GOAL OF THE EXERCISE: Every line from the one bearing "(4 alike) : powerlib/Elements/Ground" through the last line of the entries should be printed exactly, with no other output.
########
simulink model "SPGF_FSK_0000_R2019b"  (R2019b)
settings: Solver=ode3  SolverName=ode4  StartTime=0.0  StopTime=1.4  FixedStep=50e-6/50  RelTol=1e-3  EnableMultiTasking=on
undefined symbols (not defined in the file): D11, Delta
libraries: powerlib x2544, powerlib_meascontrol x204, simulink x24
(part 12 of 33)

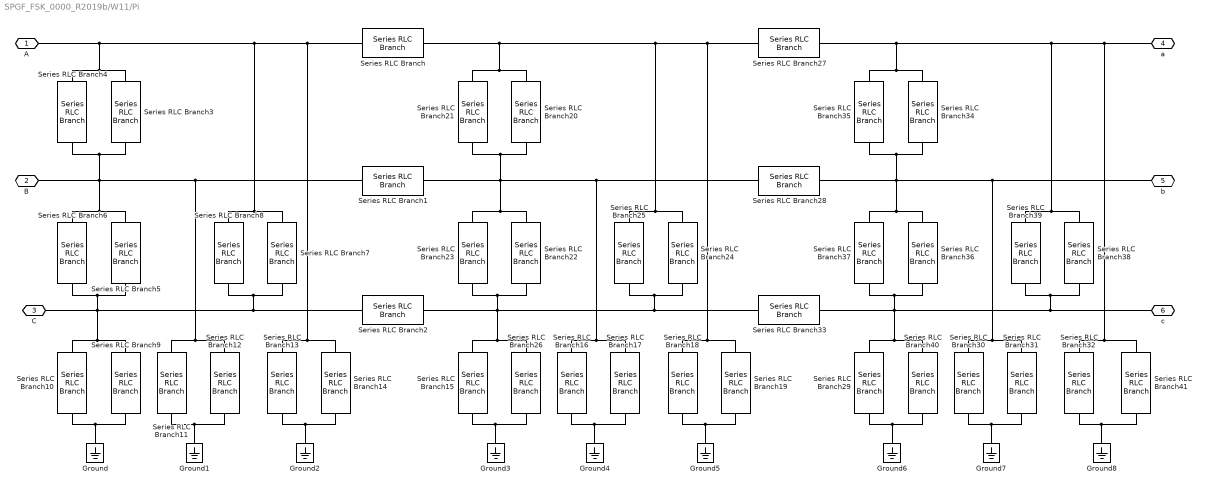
== system SPGF_FSK_0000_R2019b/W11/Pi ==
  Ground{,1..8} (9 alike) : powerlib/Elements/Ground  LConnTagsString=a
  Series RLC Branch{,1..2,27..28,33} (6 alike) : powerlib/Elements/Series RLC Branch  LConnTagsString=__new0  RConnTagsString=__new0  BranchType=RL  Resistance=R/2  Inductance=L/2  SetiL0=off  InitialCurrent=0  Capacitance=1e-6  Setx0=off  InitialVoltage=0  Measurements=None
  Series RLC Branch{10..11,13,29..30,32} (6 alike) : powerlib/Elements/Series RLC Branch  LConnTagsString=__new0  RConnTagsString=__new0  BranchType=R  Resistance=Rfg*4  Inductance=L/2  SetiL0=off  InitialCurrent=0  Capacitance=1e-6  Setx0=off  InitialVoltage=0  Measurements=None
  Series RLC Branch{9,12,14,31,40..41} (6 alike) : powerlib/Elements/Series RLC Branch  LConnTagsString=__new0  RConnTagsString=__new0  BranchType=C  Resistance=R/2  Inductance=L/2  SetiL0=off  InitialCurrent=0  Capacitance=Cfg*0.25  Setx0=off  InitialVoltage=0  Measurements=None
  Series RLC Branch15 : powerlib/Elements/Series RLC Branch  LConnTagsString=__new0  RConnTagsString=__new0  BranchType=R  Resistance=Rfg*2  Inductance=L/2  SetiL0=off  InitialCurrent=0  Capacitance=1e-6  Setx0=off  InitialVoltage=0  Measurements=None
  Series RLC Branch16 : powerlib/Elements/Series RLC Branch  LConnTagsString=__new0  RConnTagsString=__new0  BranchType=R  Resistance=Rfg*2  Inductance=L/2  SetiL0=off  InitialCurrent=0  Capacitance=1e-6  Setx0=off  InitialVoltage=0  Measurements=None
  Series RLC Branch17 : powerlib/Elements/Series RLC Branch  LConnTagsString=__new0  RConnTagsString=__new0  BranchType=C  Resistance=R/2  Inductance=L/2  SetiL0=off  InitialCurrent=0  Capacitance=Cfg*0.5  Setx0=off  InitialVoltage=0  Measurements=None
  Series RLC Branch18 : powerlib/Elements/Series RLC Branch  LConnTagsString=__new0  RConnTagsString=__new0  BranchType=R  Resistance=Rfg*2  Inductance=L/2  SetiL0=off  InitialCurrent=0  Capacitance=1e-6  Setx0=off  InitialVoltage=0  Measurements=None
  Series RLC Branch19 : powerlib/Elements/Series RLC Branch  LConnTagsString=__new0  RConnTagsString=__new0  BranchType=C  Resistance=R/2  Inductance=L/2  SetiL0=off  InitialCurrent=0  Capacitance=Cfg*0.5  Setx0=off  InitialVoltage=0  Measurements=None
  Series RLC Branch20 : powerlib/Elements/Series RLC Branch  LConnTagsString=__new0  RConnTagsString=__new0  BranchType=C  Resistance=R/2  Inductance=L/2  SetiL0=off  InitialCurrent=0  Capacitance=Cmf*0.5  Setx0=off  InitialVoltage=0  Measurements=None
  Series RLC Branch21 : powerlib/Elements/Series RLC Branch  LConnTagsString=__new0  RConnTagsString=__new0  BranchType=R  Resistance=Rmf*2  Inductance=L/2  SetiL0=off  InitialCurrent=0  Capacitance=1e-6  Setx0=off  InitialVoltage=0  Measurements=None
  Series RLC Branch22 : powerlib/Elements/Series RLC Branch  LConnTagsString=__new0  RConnTagsString=__new0  BranchType=C  Resistance=R/2  Inductance=L/2  SetiL0=off  InitialCurrent=0  Capacitance=Cmf*0.5  Setx0=off  InitialVoltage=0  Measurements=None
  Series RLC Branch23 : powerlib/Elements/Series RLC Branch  LConnTagsString=__new0  RConnTagsString=__new0  BranchType=R  Resistance=Rmf*2  Inductance=L/2  SetiL0=off  InitialCurrent=0  Capacitance=1e-6  Setx0=off  InitialVoltage=0  Measurements=None
  Series RLC Branch24 : powerlib/Elements/Series RLC Branch  LConnTagsString=__new0  RConnTagsString=__new0  BranchType=C  Resistance=R/2  Inductance=L/2  SetiL0=off  InitialCurrent=0  Capacitance=Cmf*0.5  Setx0=off  InitialVoltage=0  Measurements=None
  Series RLC Branch25 : powerlib/Elements/Series RLC Branch  LConnTagsString=__new0  RConnTagsString=__new0  BranchType=R  Resistance=Rmf*2  Inductance=L/2  SetiL0=off  InitialCurrent=0  Capacitance=1e-6  Setx0=off  InitialVoltage=0  Measurements=None
  Series RLC Branch26 : powerlib/Elements/Series RLC Branch  LConnTagsString=__new0  RConnTagsString=__new0  BranchType=C  Resistance=R/2  Inductance=L/2  SetiL0=off  InitialCurrent=0  Capacitance=Cfg*0.5  Setx0=off  InitialVoltage=0  Measurements=None
  Series RLC Branch{3,5,7,34,36,38} (6 alike) : powerlib/Elements/Series RLC Branch  LConnTagsString=__new0  RConnTagsString=__new0  BranchType=C  Resistance=R/2  Inductance=L/2  SetiL0=off  InitialCurrent=0  Capacitance=Cmf*0.25  Setx0=off  InitialVoltage=0  Measurements=None
  Series RLC Branch{4,6,8,35,37,39} (6 alike) : powerlib/Elements/Series RLC Branch  LConnTagsString=__new0  RConnTagsString=__new0  BranchType=R  Resistance=Rmf*4  Inductance=L/2  SetiL0=off  InitialCurrent=0  Capacitance=1e-6  Setx0=off  InitialVoltage=0  Measurements=None
  A : PMIOPort  Side=Left
  B : PMIOPort  Port=2  Side=Left
  C : PMIOPort  Port=3  Side=Left
  a : PMIOPort  Port=4  Side=Right
  b : PMIOPort  Port=5  Side=Right
  c : PMIOPort  Port=6  Side=Right
  connections:
  Series RLC Branch12/LConn1 -- Series RLC Branch11/LConn1 -- Series RLC Branch5/LConn1 -- Series RLC Branch6/LConn1 -- B/RConn1 -- Series RLC Branch4/RConn1 -- Series RLC Branch3/RConn1 -- Series RLC Branch1/LConn1
  Series RLC Branch13/LConn1 -- A/RConn1 -- Series RLC Branch4/LConn1 -- Series RLC Branch3/LConn1 -- Series RLC Branch7/LConn1 -- Series RLC Branch8/LConn1 -- Series RLC Branch/LConn1 -- Series RLC Branch14/LConn1
  Series RLC Branch9/LConn1 -- Series RLC Branch2/LConn1 -- Series RLC Branch8/RConn1 -- Series RLC Branch7/RConn1 -- C/RConn1 -- Series RLC Branch5/RConn1 -- Series RLC Branch6/RConn1 -- Series RLC Branch10/LConn1
  Series RLC Branch9/RConn1 -- Ground/LConn1 -- Series RLC Branch10/RConn1
  Series RLC Branch12/RConn1 -- Series RLC Branch11/RConn1 -- Ground1/LConn1
  Series RLC Branch13/RConn1 -- Series RLC Branch14/RConn1 -- Ground2/LConn1
  Series RLC Branch17/LConn1 -- Series RLC Branch16/LConn1 -- Series RLC Branch28/LConn1 -- Series RLC Branch1/RConn1 -- Series RLC Branch23/LConn1 -- Series RLC Branch22/LConn1 -- Series RLC Branch20/RConn1 -- Series RLC Branch21/RConn1
  Series RLC Branch21/LConn1 -- Series RLC Branch20/LConn1 -- Series RLC Branch/RConn1 -- Series RLC Branch27/LConn1 -- Series RLC Branch19/LConn1 -- Series RLC Branch18/LConn1 -- Series RLC Branch24/LConn1 -- Series RLC Branch25/LConn1
  Series RLC Branch26/LConn1 -- Series RLC Branch15/LConn1 -- Series RLC Branch2/RConn1 -- Series RLC Branch33/LConn1 -- Series RLC Branch25/RConn1 -- Series RLC Branch24/RConn1 -- Series RLC Branch22/RConn1 -- Series RLC Branch23/RConn1
  Series RLC Branch26/RConn1 -- Series RLC Branch15/RConn1 -- Ground3/LConn1
  Ground4/LConn1 -- Series RLC Branch17/RConn1 -- Series RLC Branch16/RConn1
  Ground5/LConn1 -- Series RLC Branch18/RConn1 -- Series RLC Branch19/RConn1
  Series RLC Branch31/LConn1 -- b/RConn1 -- Series RLC Branch35/RConn1 -- Series RLC Branch34/RConn1 -- Series RLC Branch36/LConn1 -- Series RLC Branch37/LConn1 -- Series RLC Branch28/RConn1 -- Series RLC Branch30/LConn1
  Series RLC Branch34/LConn1 -- a/RConn1 -- Series RLC Branch41/LConn1 -- Series RLC Branch32/LConn1 -- Series RLC Branch38/LConn1 -- Series RLC Branch39/LConn1 -- Series RLC Branch27/RConn1 -- Series RLC Branch35/LConn1
  Series RLC Branch29/LConn1 -- Series RLC Branch36/RConn1 -- Series RLC Branch37/RConn1 -- c/RConn1 -- Series RLC Branch39/RConn1 -- Series RLC Branch38/RConn1 -- Series RLC Branch33/RConn1 -- Series RLC Branch40/LConn1
  Series RLC Branch29/RConn1 -- Series RLC Branch40/RConn1 -- Ground6/LConn1
  Series RLC Branch31/RConn1 -- Series RLC Branch30/RConn1 -- Ground7/LConn1
  Series RLC Branch32/RConn1 -- Series RLC Branch41/RConn1 -- Ground8/LConn1

== system SPGF_FSK_0000_R2019b/W11/Q ==
  breaker : Subsystem  Commented=on  mask{SwitchA=on, SwitchB=on, SwitchC=on, InitialStatus=[0 0 0], BreakerResistance=0.0001, SnubberResistance=1e6, SnubberCapacitance=inf, TransitionTimes=[0.2], ShiftTimes=[0 0.02 0.04]}
      mask prompts: SwitchA "Switching of phase A"; SwitchB "Switching of phase B"; SwitchC "Switching of phase C"; InitialStatus "Initial status of phase breaker [A, B, C]"; BreakerResistance "Breaker resistance Ron (ohms) :"; SnubberResistance "Snubbers resistance Rp (ohms) :"; SnubberCapacitance "Snubbers capacitance Cp (F) :"; TransitionTimes "Transition times (s) :"; ShiftTimes "Time differences for switch [tA, tB, tC] (s) :"
      mask init: same as SPGF_FSK_0000_R2019b/Feed/Q/breaker
      mask Display:
      | % port_label('input',1,'Iabc');
      | 
      | port_label('lconn',1,'A');
      | port_label('lconn',2,'B');
      | port_label('lconn',3,'C');
      | 
      | port_label('rconn',1,'a');
      | port_label('rconn',2,'b');
      | port_label('rconn',3,'c');
      | 
      | disp('   Q    ');
  meas : Subsystem
  shunt : Subsystem
  A : PMIOPort  Side=Right
  B : PMIOPort  Port=2  Side=Right
  C : PMIOPort  Port=3  Side=Right
  a : PMIOPort  Port=4  Side=Left
  b : PMIOPort  Port=5  Side=Left
  c : PMIOPort  Port=6  Side=Left
  connections:
  shunt/LConn3 -- breaker/LConn3 -- C/RConn1
  shunt/LConn2 -- breaker/LConn2 -- B/RConn1
  A/RConn1 -- breaker/LConn1 -- shunt/LConn1
  meas/RConn1 -- a/RConn1
  meas/RConn2 -- b/RConn1
  meas/RConn3 -- c/RConn1
  breaker/RConn3 -- shunt/RConn3 -- meas/LConn3
  breaker/RConn2 -- shunt/RConn2 -- meas/LConn2
  breaker/RConn1 -- shunt/RConn1 -- meas/LConn1

== system SPGF_FSK_0000_R2019b/W11/concentrated ==
  Ccs/1 : powerlib/Elements/Series RLC Branch  LConnTagsString=__new0  RConnTagsString=__new0  BranchType=C  Resistance=190  Inductance=1e-3  SetiL0=off  InitialCurrent=0  Capacitance=-C_matrix(1,2)/2  Setx0=off  InitialVoltage=0  Measurements=None
  Ccs/2 : powerlib/Elements/Series RLC Branch  LConnTagsString=__new0  RConnTagsString=__new0  BranchType=C  Resistance=190  Inductance=1e-3  SetiL0=off  InitialCurrent=0  Capacitance=-C_matrix(1,2)/2  Setx0=off  InitialVoltage=0  Measurements=None
  Ccs2/1 : powerlib/Elements/Series RLC Branch  LConnTagsString=__new0  RConnTagsString=__new0  BranchType=C  Resistance=190  Inductance=1e-3  SetiL0=off  InitialCurrent=0  Capacitance=-C_matrix(3,4)/2  Setx0=off  InitialVoltage=0  Measurements=None
  Ccs2/2 : powerlib/Elements/Series RLC Branch  LConnTagsString=__new0  RConnTagsString=__new0  BranchType=C  Resistance=190  Inductance=1e-3  SetiL0=off  InitialCurrent=0  Capacitance=-C_matrix(3,4)/2  Setx0=off  InitialVoltage=0  Measurements=None
  Ccs2/3 : powerlib/Elements/Series RLC Branch  LConnTagsString=__new0  RConnTagsString=__new0  BranchType=R  Resistance=-Rg_matrix(3,4)*2  Inductance=1e-3  SetiL0=off  InitialCurrent=0  Capacitance=Rg_matrix(3,4)*2  Setx0=off  InitialVoltage=0  Measurements=None
  Ccs2/4 : powerlib/Elements/Series RLC Branch  LConnTagsString=__new0  RConnTagsString=__new0  BranchType=R  Resistance=-Rg_matrix(3,4)*2  Inductance=1e-3  SetiL0=off  InitialCurrent=0  Capacitance=Rg_matrix(3,4)*2  Setx0=off  InitialVoltage=0  Measurements=None
  Ccs3/1 : powerlib/Elements/Series RLC Branch  LConnTagsString=__new0  RConnTagsString=__new0  BranchType=C  Resistance=190  Inductance=1e-3  SetiL0=off  InitialCurrent=0  Capacitance=-C_matrix(5,6)/2  Setx0=off  InitialVoltage=0  Measurements=None
  Ccs3/2 : powerlib/Elements/Series RLC Branch  LConnTagsString=__new0  RConnTagsString=__new0  BranchType=C  Resistance=190  Inductance=1e-3  SetiL0=off  InitialCurrent=0  Capacitance=-C_matrix(5,6)/2  Setx0=off  InitialVoltage=0  Measurements=None
  Ccs3/3 : powerlib/Elements/Series RLC Branch  LConnTagsString=__new0  RConnTagsString=__new0  BranchType=R  Resistance=-Rg_matrix(5,6)*2  Inductance=1e-3  SetiL0=off  InitialCurrent=0  Capacitance=-C_matrix(5,6)/2  Setx0=off  InitialVoltage=0  Measurements=None
  Ccs3/4 : powerlib/Elements/Series RLC Branch  LConnTagsString=__new0  RConnTagsString=__new0  BranchType=R  Resistance=-Rg_matrix(5,6)*2  Inductance=1e-3  SetiL0=off  InitialCurrent=0  Capacitance=-C_matrix(5,6)/2  Setx0=off  InitialVoltage=0  Measurements=None
  Csg/2 : powerlib/Elements/Series RLC Branch  LConnTagsString=__new0  RConnTagsString=__new0  BranchType=C  Resistance=190  Inductance=1e-3  SetiL0=off  InitialCurrent=0  Capacitance=( C_matrix(1,2) + C_matrix(2,2) )/2  Setx0=off  InitialVoltage=0  Measurements=None
  Csg1/1 : powerlib/Elements/Series RLC Branch  LConnTagsString=__new0  RConnTagsString=__new0  BranchType=C  Resistance=190  Inductance=1e-3  SetiL0=off  InitialCurrent=0  Capacitance=( C_matrix(1,2) + C_matrix(2,2) )/2  Setx0=off  InitialVoltage=0  Measurements=None
  Csg2/1 : powerlib/Elements/Series RLC Branch  LConnTagsString=__new0  RConnTagsString=__new0  BranchType=C  Resistance=190  Inductance=1e-3  SetiL0=off  InitialCurrent=0  Capacitance=( C_matrix(3,4) + C_matrix(4,4) )/2  Setx0=off  InitialVoltage=0  Measurements=None
  Csg2/2 : powerlib/Elements/Series RLC Branch  LConnTagsString=__new0  RConnTagsString=__new0  BranchType=C  Resistance=190  Inductance=1e-3  SetiL0=off  InitialCurrent=0  Capacitance=( C_matrix(3,4) + C_matrix(4,4) )/2  Setx0=off  InitialVoltage=0  Measurements=None
  Csg3/1 : powerlib/Elements/Series RLC Branch  LConnTagsString=__new0  RConnTagsString=__new0  BranchType=C  Resistance=190  Inductance=1e-3  SetiL0=off  InitialCurrent=0  Capacitance=( C_matrix(5,6) + C_matrix(6,6) ) /2  Setx0=off  InitialVoltage=0  Measurements=None
  Csg3/2 : powerlib/Elements/Series RLC Branch  LConnTagsString=__new0  RConnTagsString=__new0  BranchType=C  Resistance=190  Inductance=1e-3  SetiL0=off  InitialCurrent=0  Capacitance=( C_matrix(5,6) + C_matrix(6,6) ) /2  Setx0=off  InitialVoltage=0  Measurements=None
  Ground{1..4} (4 alike) : powerlib/Elements/Ground  LConnTagsString=a
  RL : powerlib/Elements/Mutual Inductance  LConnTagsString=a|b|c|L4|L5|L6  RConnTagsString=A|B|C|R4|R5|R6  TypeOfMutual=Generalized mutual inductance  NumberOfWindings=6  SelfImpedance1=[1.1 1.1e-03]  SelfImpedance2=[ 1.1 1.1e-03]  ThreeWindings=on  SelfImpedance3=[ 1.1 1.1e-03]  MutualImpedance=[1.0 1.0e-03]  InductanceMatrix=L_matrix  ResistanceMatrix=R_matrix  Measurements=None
########
WORKED SOLUTION:
  Ground{1..4} (4 alike) : powerlib/Elements/Ground  LConnTagsString=a
  RL : powerlib/Elements/Mutual Inductance  LConnTagsString=a|b|c|L4|L5|L6  RConnTagsString=A|B|C|R4|R5|R6  TypeOfMutual=Generalized mutual inductance  NumberOfWindings=6  SelfImpedance1=[1.1 1.1e-03]  SelfImpedance2=[ 1.1 1.1e-03]  ThreeWindings=on  SelfImpedance3=[ 1.1 1.1e-03]  MutualImpedance=[1.0 1.0e-03]  InductanceMatrix=L_matrix  ResistanceMatrix=R_matrix  Measurements=None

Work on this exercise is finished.